_Task input:_
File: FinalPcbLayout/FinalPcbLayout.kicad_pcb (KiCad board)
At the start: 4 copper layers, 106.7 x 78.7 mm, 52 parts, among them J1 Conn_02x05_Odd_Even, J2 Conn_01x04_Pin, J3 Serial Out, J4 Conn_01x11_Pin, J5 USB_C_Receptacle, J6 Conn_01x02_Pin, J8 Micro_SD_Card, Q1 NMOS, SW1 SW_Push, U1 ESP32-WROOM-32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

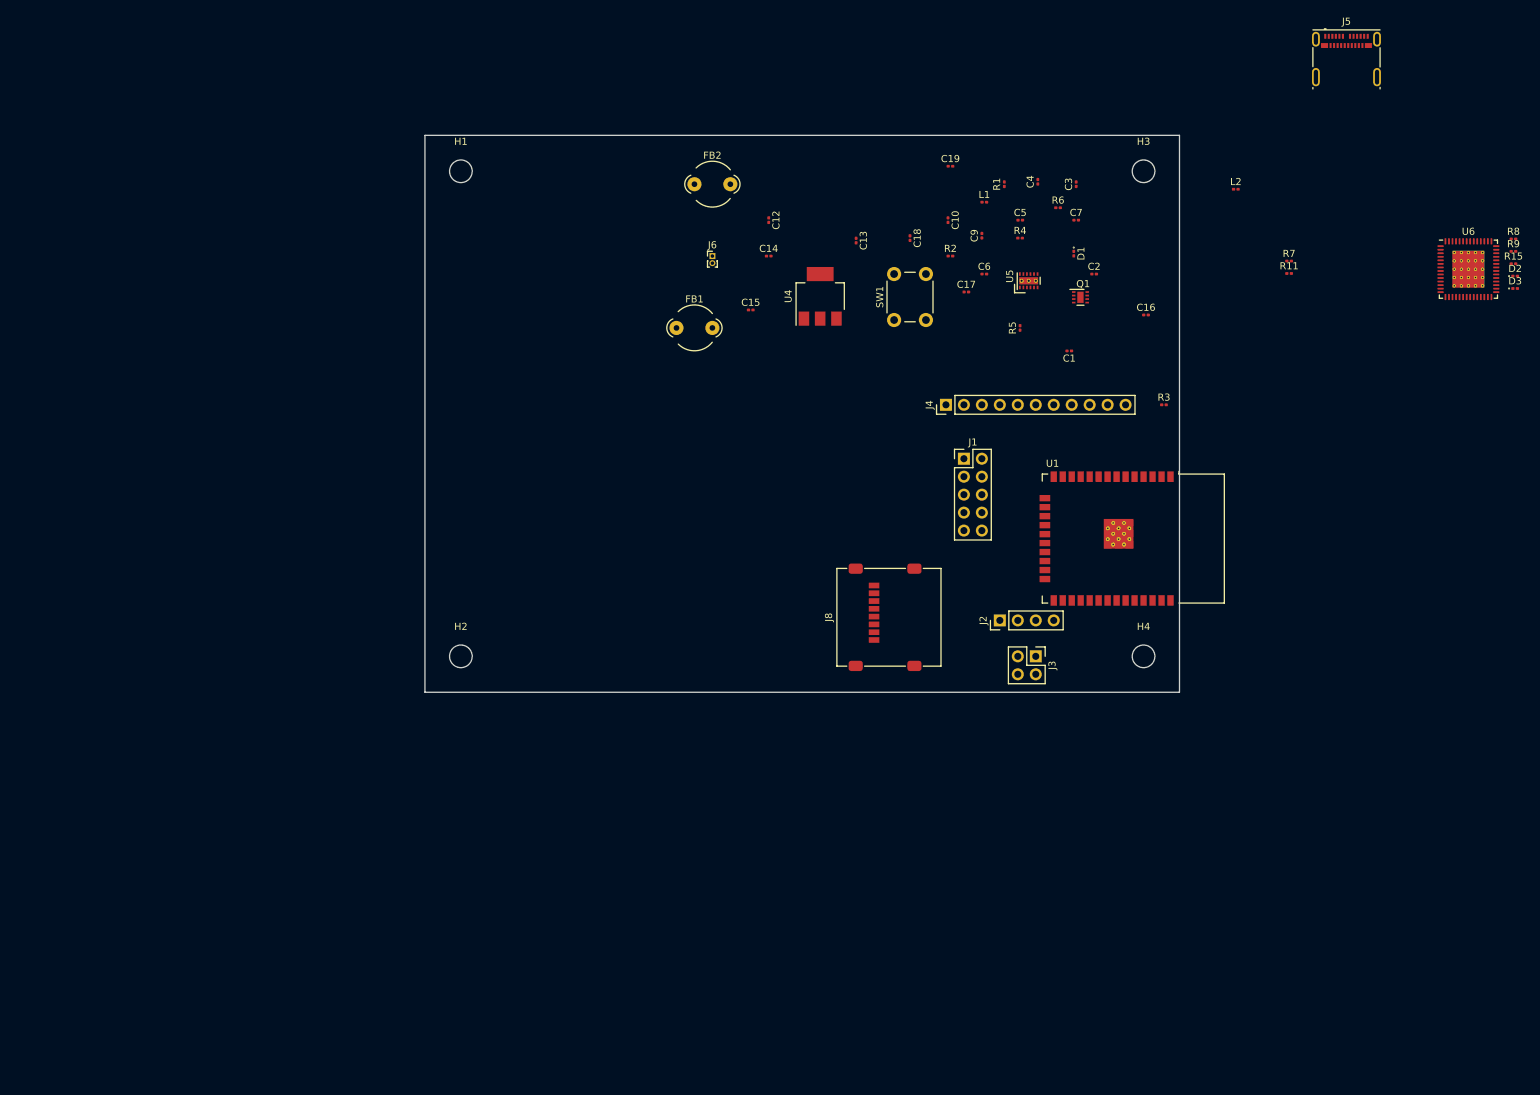
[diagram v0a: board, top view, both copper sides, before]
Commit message: route some gnd
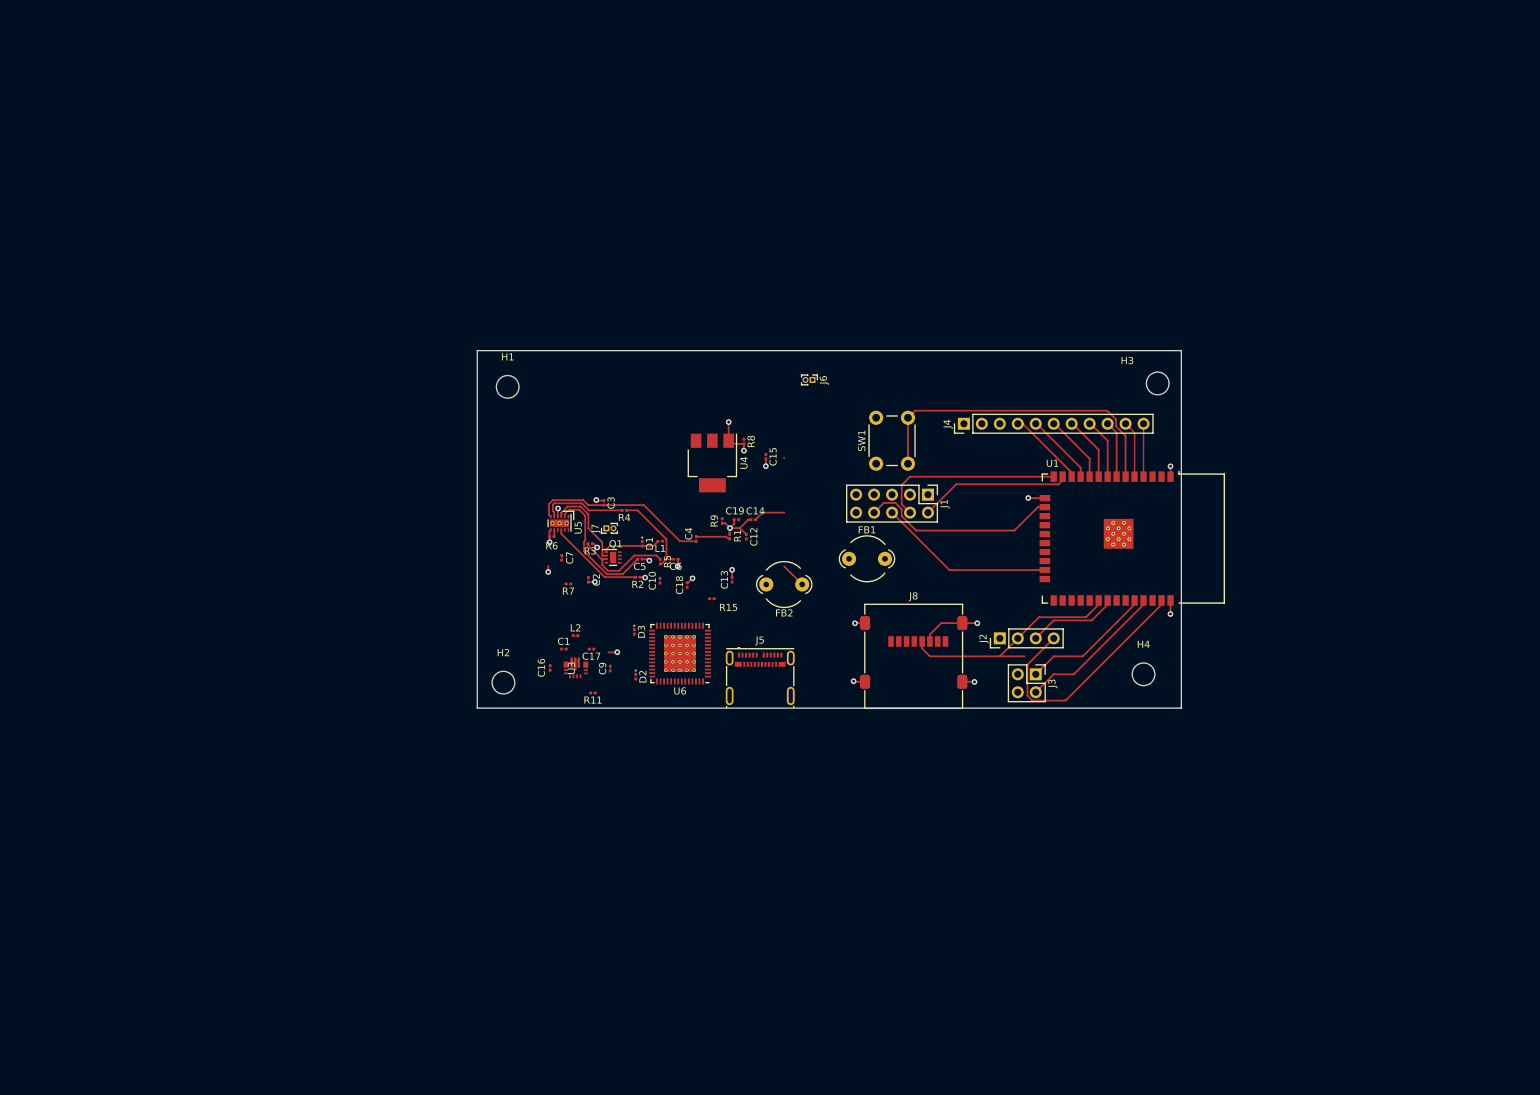
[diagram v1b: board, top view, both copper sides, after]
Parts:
- added J7: Conn_01x02_Pin, Connector_PinHeader_1.00mm:PinHeader_1x02_P1.00mm_Vertical, F.Cu at (101.8, 101.3)
- added U3: ~, OSMI-parts:VQFN-15-1EP-2.5x3mm_P0.5mm, F.Cu at (97.5, 121.0)
- moved D2 136.6 mm to (106.0, 122.3), turned to -90 degrees
- moved D3 133.7 mm to (105.8, 115.9), turned to -90 degrees
- moved U6 124.0 mm to (112.3, 119.0), turned to 180 degrees
- moved R15 122.8 mm to (116.8, 111.2)
- moved J5 120.5 mm to (123.6, 122.4)
- moved R9 118.2 mm to (118.2, 100.2), turned to -90 degrees
- moved R11 114.9 mm to (100.0, 124.5), turned to 180 degrees
- moved L2 112.7 mm to (97.5, 116.5)
- moved R8 112.5 mm to (121.3, 89.0), turned to -90 degrees
- moved R7 111.6 mm to (96.5, 109.1), turned to 180 degrees
- moved C16 97.9 mm to (93.9, 121.0), turned to -90 degrees
- moved C7 87.0 mm to (95.5, 105.5), turned to 90 degrees
- moved R6 85.4 mm to (94.1, 102.5)
- moved C2 83.6 mm to (99.3, 108.6), turned to 90 degrees
- moved R3 83.5 mm to (99.6, 103.5), turned to 180 degrees
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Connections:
- J5 pad A1: /usb/GND1 -> GND
- J5 pad A12: /usb/GND1 -> GND
- J5 pad A5: Net-(J5-CC1) -> /usb/PD1_CC1
- J5 pad A6: /usb/D+1 -> /usb/D+
- J5 pad A7: /usb/D-1 -> /usb/D-
- J5 pad B1: /usb/GND1 -> GND
- J5 pad B12: /usb/GND1 -> GND
- J5 pad B5: Net-(J5-CC2) -> /usb/PD1_CC2
- J5 pad B6: /usb/D-1 -> /usb/D+
- J5 pad B7: /usb/D+1 -> /usb/D-
- U6 pad 11: unconnected-(U6-VCORE-Pad11) -> +1V2
- U6 pad 19: unconnected-(U6-VREGOUT-Pad19) -> +1V2
- U6 pad 22: unconnected-(U6-VCORE-Pad22) -> +1V2
- U6 pad 36: unconnected-(U6-VCORE-Pad36) -> +1V2
- U6 pad 46: unconnected-(U6-VCORE-Pad46) -> +1V2
- U6 pad 52: unconnected-(U6-PD1_CC2-Pad52) -> /usb/PD1_CC2
- U6 pad 55: unconnected-(U6-PD1_CC1-Pad55) -> /usb/PD1_CC1
- U6 pad 56: unconnected-(U6-VCORE-Pad56) -> +1V2
- U6 pad 7: unconnected-(U6-GPIO0-Pad7) -> /usb/I2CSDA
- U6 pad 8: unconnected-(U6-GPIO1-Pad8) -> /usb/I2CSCL
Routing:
- net GND: track 0.00 -> 48.2 mm, vias 0 -> 23
- net /ESTOP: track 0.00 -> 45.5 mm
- net /COPI: track 0.00 -> 35.1 mm
- net /SCLK: track 0.00 -> 33.5 mm
- net /JTAG_TDI: track 0.00 -> 28.3 mm
- net /JTAG_TCK: track 0.00 -> 26.4 mm
- net Net-(U5-COMP): track 0.00 -> 25.3 mm
- net /JTAG_TDO: track 0.00 -> 25.0 mm
- net /JTAG_TMS: track 0.00 -> 21.4 mm
- net Net-(J3-Pin_2): track 0.00 -> 21.0 mm
- net Net-(U5-VCC): track 0.00 -> 18.7 mm
- net Net-(J3-Pin_1): track 0.00 -> 18.6 mm
- net Net-(Q1-S): track 0.00 -> 14.1 mm
- net Net-(U5-RT): track 0.00 -> 13.6 mm
- net /CIPO: track 0.00 -> 12.7 mm
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- added copper zone on In1.Cu, net GND
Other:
- board size 106.7 x 78.7 mm -> 99.5 x 50.5 mm

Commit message: power supplies
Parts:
- removed J1: Conn_02x05_Odd_Even, Connector_PinHeader_2.54mm:PinHeader_2x05_P2.54mm_Vertical
- removed J3: Serial Out, Connector_PinHeader_2.54mm:PinHeader_2x02_P2.54mm_Vertical
- removed R9: 5.1k, Resistor_SMD:R_0201_0603Metric
- added C11: 22uF, Capacitor_SMD:C_0603_1608Metric, F.Cu at (65.3, 105.0)
- added C20: 3.3u, Capacitor_SMD:C_0603_1608Metric, F.Cu at (59.3, 102.5)
- added C8: 1uF, Capacitor_SMD:C_0603_1608Metric, F.Cu at (65.3, 102.5)
- added R10: 523k, Resistor_SMD:R_0603_1608Metric, F.Cu at (137.2, 95.2)
- added R12: 100k, Resistor_SMD:R_0603_1608Metric, F.Cu at (137.2, 96.8)
- added R13: 10k, Resistor_SMD:R_0603_1608Metric, F.Cu at (128.7, 96.6)
- added R14: 10k 1%, Resistor_SMD:R_0603_1608Metric, F.Cu at (59.3, 105.0)
- added R16: 1k, Resistor_SMD:R_0603_1608Metric, F.Cu at (59.3, 107.5)
- added R17: 1k, Resistor_SMD:R_0603_1608Metric, F.Cu at (59.3, 110.0)
- added R18: ???, Resistor_SMD:R_0603_1608Metric, F.Cu at (59.3, 112.5)
- added R19: ???, Resistor_SMD:R_0603_1608Metric, F.Cu at (59.3, 115.0)
- added U2: ~, Package_DFN_QFN:QFN-16-1EP_3x3mm_P0.5mm_EP1.45x1.45mm, F.Cu at (154.8, 100.2)
- C1, C10, C16, C17, C18, C19, C2, C3, C4, C5, C6, C7, C9: footprint Capacitor_SMD:C_0201_0603Metric -> Capacitor_SMD:C_0603_1608Metric
- C12, C13, C14, C15: footprint Resistor_SMD:R_0201_0603Metric -> Capacitor_SMD:C_0603_1608Metric
- D1: footprint Diode_SMD:D_0201_0603Metric -> Diode_SMD:D_0603_1608Metric
- J2: footprint Connector_PinHeader_2.54mm:PinHeader_1x04_P2.54mm_Vertical -> TerminalBlock_TE-Connectivity:TerminalBlock_TE_282834-4_1x04_P2.54mm_Horizontal
- J6: footprint Connector_PinHeader_1.00mm:PinHeader_1x02_P1.00mm_Vertical -> Connector_PinHeader_2.54mm:PinHeader_1x02_P2.54mm_Horizontal
- L1, L2: footprint Inductor_SMD:L_0201_0603Metric -> Inductor_SMD:L_Coilcraft_XAL8050-223
- R1, R11, R15, R2, R3, R4, R5, R6, R7: footprint Resistor_SMD:R_0201_0603Metric -> Resistor_SMD:R_0603_1608Metric
- R8: value 5.1k -> 370k; footprint Resistor_SMD:R_0201_0603Metric -> Resistor_SMD:R_0603_1608Metric
- SW1: footprint Button_Switch_THT:SW_PUSH_6mm -> TerminalBlock_TE-Connectivity:TerminalBlock_TE_282834-2_1x02_P2.54mm_Horizontal
- U4: footprint Package_TO_SOT_SMD:SOT-223-3_TabPin2 -> Package_TO_SOT_SMD:SOT-223
- moved J4 71.9 mm to (86.0, 114.0), turned to 180 degrees
- moved C10 54.1 mm to (112.7, 162.7)
- moved D2 54.1 mm to (109.2, 176.2)
- moved J7 54.1 mm to (105.1, 155.2)
- moved R2 54.1 mm to (109.5, 162.1)
- moved C7 54.1 mm to (98.8, 159.4)
- moved D3 54.1 mm to (109.0, 169.9)
- moved R15 54.1 mm to (120.0, 165.2)
- moved R3 54.1 mm to (102.8, 157.4)
- moved C6 54.1 mm to (114.9, 159.6)
- moved Q1 54.1 mm to (106.0, 159.4)
- moved R5 54.1 mm to (112.7, 159.9)
- moved U6 54.1 mm to (115.5, 172.9)
- moved H2 52.6 mm to (72.4, 173.5)
- moved C9 47.8 mm to (133.8, 157.2)
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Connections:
- R8 pad 1: Net-(J5-CC2) -> +5V
- R8 pad 2: GND -> /SD_MODE
- U1 pad 34: Net-(J3-Pin_1) -> unconnected-(U1-RXD0/IO3-Pad34)
- U1 pad 35: Net-(J3-Pin_2) -> unconnected-(U1-TXD0/IO1-Pad35)
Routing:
- net +3.3V: track 0.00 -> 35.0 mm
- net /ESTOP: track 45.5 -> 13.0 mm, vias 0 -> 1
- net /JTAG_TDI: track 28.3 -> 0.00 mm
- net /IO22: track 0.00 -> 28.2 mm, vias 0 -> 2
- net /IO17: track 0.00 -> 27.9 mm
- net /JTAG_TCK: track 26.4 -> 0.00 mm
- net /JTAG_TDO: track 25.0 -> 0.00 mm
- net /JTAG_TMS: track 21.4 -> 0.00 mm
- net Net-(J3-Pin_2): track 21.0 -> 0.00 mm
- net /COPI: track 35.1 -> 14.7 mm, vias 0 -> 1
- net Net-(U5-COMP): track 25.3 -> 5.75 mm
- net Net-(J3-Pin_1): track 18.6 -> 0.00 mm
- net GND: track 48.2 -> 30.2 mm, vias 23 -> 22
- net /SCLK: track 33.5 -> 49.8 mm
- net Net-(U3-L2): track 0.00 -> 16.0 mm, vias 0 -> 11
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- added copper zone on F.Cu, net +5V
- added copper zone on In2.Cu, net +5V
- added copper zone on F.Cu, net /Power/USB_Vin
- added copper zone on F.Cu, net GND
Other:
- board size 99.5 x 50.5 mm -> 99.5 x 46.2 mm

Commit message: pOWER DONE
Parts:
- removed J7: Conn_01x02_Pin, Connector_PinHeader_1.00mm:PinHeader_1x02_P1.00mm_Vertical
- C5: value C -> 1uF
- D1: footprint Diode_SMD:D_0603_1608Metric -> SL42_E3_57T:CR_2-E3&slash_57T_VIS
- moved C10 93.4 mm to (168.8, 88.0), turned to 0 degrees
- moved C20 75.2 mm to (132.3, 120.6)
- moved R14 75.2 mm to (132.3, 123.1)
- moved R16 75.2 mm to (132.3, 125.6)
- moved R17 75.2 mm to (132.3, 128.1)
- moved R18 75.2 mm to (132.3, 130.6)
- moved R19 75.2 mm to (132.3, 133.1)
- moved C11 75.2 mm to (138.3, 123.1)
- moved R2 69.1 mm to (102.5, 93.4), turned to -90 degrees
- moved D2 64.4 mm to (127.1, 114.4)
- moved D3 64.4 mm to (126.9, 108.0)
- moved U6 64.4 mm to (133.4, 111.1)
- moved R15 58.5 mm to (141.1, 110.6)
- moved C9 54.2 mm to (96.2, 118.0), turned to 180 degrees
- moved C6 52.9 mm to (108.4, 107.1)
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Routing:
- net +5V: track 14.6 -> 36.4 mm
- net Net-(Q1-G): track 0.00 -> 20.2 mm, vias 0 -> 2
- net Net-(D1-A): track 0.00 -> 12.3 mm
- net +12V: track 0.00 -> 11.3 mm, vias 0 -> 2
- net Net-(U5-CS): track 0.00 -> 10.6 mm
- net Net-(Q1-S): track 0.00 -> 10.0 mm
- net GND: track 30.2 -> 36.7 mm, vias 22 -> 29
- net Net-(U5-RT): track 0.00 -> 2.46 mm
- net Net-(U5-SS): track 0.00 -> 2.30 mm
- net Net-(C6-Pad2): track 1.19 -> 2.98 mm
- added copper zone on F.Cu, net +12V

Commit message: Tyra's work is done here
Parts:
- removed C20: 3.3u, Capacitor_SMD:C_0603_1608Metric
- removed D2, D3: LED, LED_SMD:LED_0201_0603Metric
- removed J5: USB_C_Receptacle, Connector_USB:USB_C_Receptacle_Molex_105450-0101
- removed R14, R15: 10k 1%, Resistor_SMD:R_0603_1608Metric
- removed R16, R17: 1k, Resistor_SMD:R_0603_1608Metric
- removed R18, R19: ???, Resistor_SMD:R_0603_1608Metric
- removed U6: ~, Package_DFN_QFN:QFN-56-1EP_8x8mm_P0.5mm_EP4.5x5.2mm_ThermalVias
- moved C11 40.8 mm to (163.1, 90.7), turned to 180 degrees
- moved J4 1.50 mm to (84.2, 116.4)
- moved H3 1.40 mm to (179.3, 83.4)
- moved SW1 1.30 mm to (173.4, 83.5)
- moved C14 0.52 mm to (158.6, 116.0)
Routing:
- net /IO33: track 0.00 -> 102.8 mm, vias 0 -> 1
- net /IO35: track 0.00 -> 102.5 mm, vias 0 -> 2
- net /IO25: track 0.00 -> 102.2 mm, vias 0 -> 1
- net /IO27: track 0.00 -> 102.0 mm, vias 0 -> 2
- net /IO26: track 0.00 -> 101.1 mm, vias 0 -> 2
- net /Sense_VN: track 0.00 -> 100.9 mm, vias 0 -> 2
- net /IO32: track 0.00 -> 98.0 mm, vias 0 -> 2
- net /Sense_VP: track 0.00 -> 97.3 mm, vias 0 -> 2
- net +3.3V: track 35.0 -> 123.5 mm, vias 0 -> 1
- net +12V: track 11.3 -> 40.5 mm
- net /IO21: track 0.00 -> 25.2 mm, vias 0 -> 2
- net +5V: track 36.4 -> 49.9 mm
- net GND: track 36.7 -> 47.0 mm, vias 29 -> 33
- net Net-(U3-L2): track 16.0 -> 14.2 mm, vias 11 -> 7
- net Net-(Q1-G): track 20.2 -> 21.8 mm
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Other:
- board size 99.5 x 46.2 mm -> 100.9 x 46.7 mm

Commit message: Cool
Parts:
- C1, C2, C3, C8: footprint Capacitor_SMD:C_0603_1608Metric -> Capacitor_SMD:C_0402_1005Metric
- C10, C19, C6, C9: footprint Capacitor_SMD:C_0603_1608Metric -> Capacitor_SMD:C_0805_2012Metric
- C4: footprint Capacitor_SMD:C_0603_1608Metric -> Capacitor_SMD:C_1812_4532Metric
- R3, R4: footprint Resistor_SMD:R_0603_1608Metric -> Resistor_SMD:R_1206_3216Metric
- moved R1 4.89 mm to (110.9, 105.0)
- moved C3 3.32 mm to (110.2, 102.5)
- moved R4 2.01 mm to (104.5, 110.5)
- moved C17 1.70 mm to (131.6, 99.2)
- moved C18 1.70 mm to (136.2, 91.9)
- moved R10 1.70 mm to (135.3, 95.2)
- moved R11 1.70 mm to (135.3, 98.4)
- moved U3 1.70 mm to (130.6, 96.2)
- moved C16 1.70 mm to (125.3, 92.2)
- moved R13 1.70 mm to (126.8, 96.6)
- moved C19 1.70 mm to (139.3, 91.9)
- moved L2 1.70 mm to (130.4, 85.1)
- moved R12 1.70 mm to (135.3, 96.8)
- moved C4 1.55 mm to (106.4, 101.9)
- moved R3 0.99 mm to (111.7, 108.5)
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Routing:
- net Net-(C4-Pad1): track 1.72 -> 4.18 mm
- net Net-(U5-CS): track 10.6 -> 12.8 mm
- net Net-(C6-Pad2): track 2.98 -> 4.88 mm
- net Net-(Q1-S): track 9.54 -> 11.1 mm
- net /IO35: track 102.5 -> 101.0 mm
- net Net-(U5-COMP): track 5.75 -> 6.99 mm
- net GND: track 47.0 -> 47.4 mm, vias 33 -> 36
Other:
- board size 100.9 x 46.7 mm -> 100.9 x 47.2 mm
- board text added: "ECE TEAM 11 OSMI SYRINGE PUMP"

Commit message: Part Finalization
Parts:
- added C20: 3.3u, Capacitor_SMD:C_0603_1608Metric, F.Cu at (138.1, 105.0)
- added D2: LED, LED_SMD:LED_0201_0603Metric, F.Cu at (117.6, 113.2)
- added D3: LED, LED_SMD:LED_0201_0603Metric, F.Cu at (116.8, 113.2)
- added J1: Conn_02x05_Odd_Even, Connector_PinHeader_2.54mm:PinHeader_2x05_P2.54mm_Vertical, F.Cu at (121.9, 155.2)
- added J3: Barrel_Jack, Connector_BarrelJack:BarrelJack_GCT_DCJ200-10-A_Horizontal, F.Cu at (125.1, 136.1)
- added J5: USB_C_Receptacle, Connector_USB:USB_C_Receptacle_Molex_105450-0101, F.Cu at (124.7, 121.9)
- added R14: 10k 1%, Resistor_SMD:R_0603_1608Metric, F.Cu at (138.1, 107.5)
- added R15: 10k 1%, Resistor_SMD:R_0603_1608Metric, F.Cu at (138.1, 110.0)
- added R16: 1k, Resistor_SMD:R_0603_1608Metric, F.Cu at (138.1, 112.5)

_Exercise prompt:_
Extract from the records above the lines from the one containing "- net Net-(Q1-G): track 20.2 -> 21.8 mm" to the one containing "at (121.9, 155.2)", both lines included, exactly as they appear and with nothing else.

_Exercise response:_
- net Net-(Q1-G): track 20.2 -> 21.8 mm
Other:
- board size 99.5 x 46.2 mm -> 100.9 x 46.7 mm

Commit message: Cool
Parts:
- C1, C2, C3, C8: footprint Capacitor_SMD:C_0603_1608Metric -> Capacitor_SMD:C_0402_1005Metric
- C10, C19, C6, C9: footprint Capacitor_SMD:C_0603_1608Metric -> Capacitor_SMD:C_0805_2012Metric
- C4: footprint Capacitor_SMD:C_0603_1608Metric -> Capacitor_SMD:C_1812_4532Metric
- R3, R4: footprint Resistor_SMD:R_0603_1608Metric -> Resistor_SMD:R_1206_3216Metric
- moved R1 4.89 mm to (110.9, 105.0)
- moved C3 3.32 mm to (110.2, 102.5)
- moved R4 2.01 mm to (104.5, 110.5)
- moved C17 1.70 mm to (131.6, 99.2)
- moved C18 1.70 mm to (136.2, 91.9)
- moved R10 1.70 mm to (135.3, 95.2)
- moved R11 1.70 mm to (135.3, 98.4)
- moved U3 1.70 mm to (130.6, 96.2)
- moved C16 1.70 mm to (125.3, 92.2)
- moved R13 1.70 mm to (126.8, 96.6)
- moved C19 1.70 mm to (139.3, 91.9)
- moved L2 1.70 mm to (130.4, 85.1)
- moved R12 1.70 mm to (135.3, 96.8)
- moved C4 1.55 mm to (106.4, 101.9)
- moved R3 0.99 mm to (111.7, 108.5)
Routing:
- net Net-(C4-Pad1): track 1.72 -> 4.18 mm
- net Net-(U5-CS): track 10.6 -> 12.8 mm
- net Net-(C6-Pad2): track 2.98 -> 4.88 mm
- net Net-(Q1-S): track 9.54 -> 11.1 mm
- net /IO35: track 102.5 -> 101.0 mm
- net Net-(U5-COMP): track 5.75 -> 6.99 mm
- net GND: track 47.0 -> 47.4 mm, vias 33 -> 36
Other:
- board size 100.9 x 46.7 mm -> 100.9 x 47.2 mm
- board text added: "ECE TEAM 11 OSMI SYRINGE PUMP"

Commit message: Part Finalization
Parts:
- added C20: 3.3u, Capacitor_SMD:C_0603_1608Metric, F.Cu at (138.1, 105.0)
- added D2: LED, LED_SMD:LED_0201_0603Metric, F.Cu at (117.6, 113.2)
- added D3: LED, LED_SMD:LED_0201_0603Metric, F.Cu at (116.8, 113.2)
- added J1: Conn_02x05_Odd_Even, Connector_PinHeader_2.54mm:PinHeader_2x05_P2.54mm_Vertical, F.Cu at (121.9, 155.2)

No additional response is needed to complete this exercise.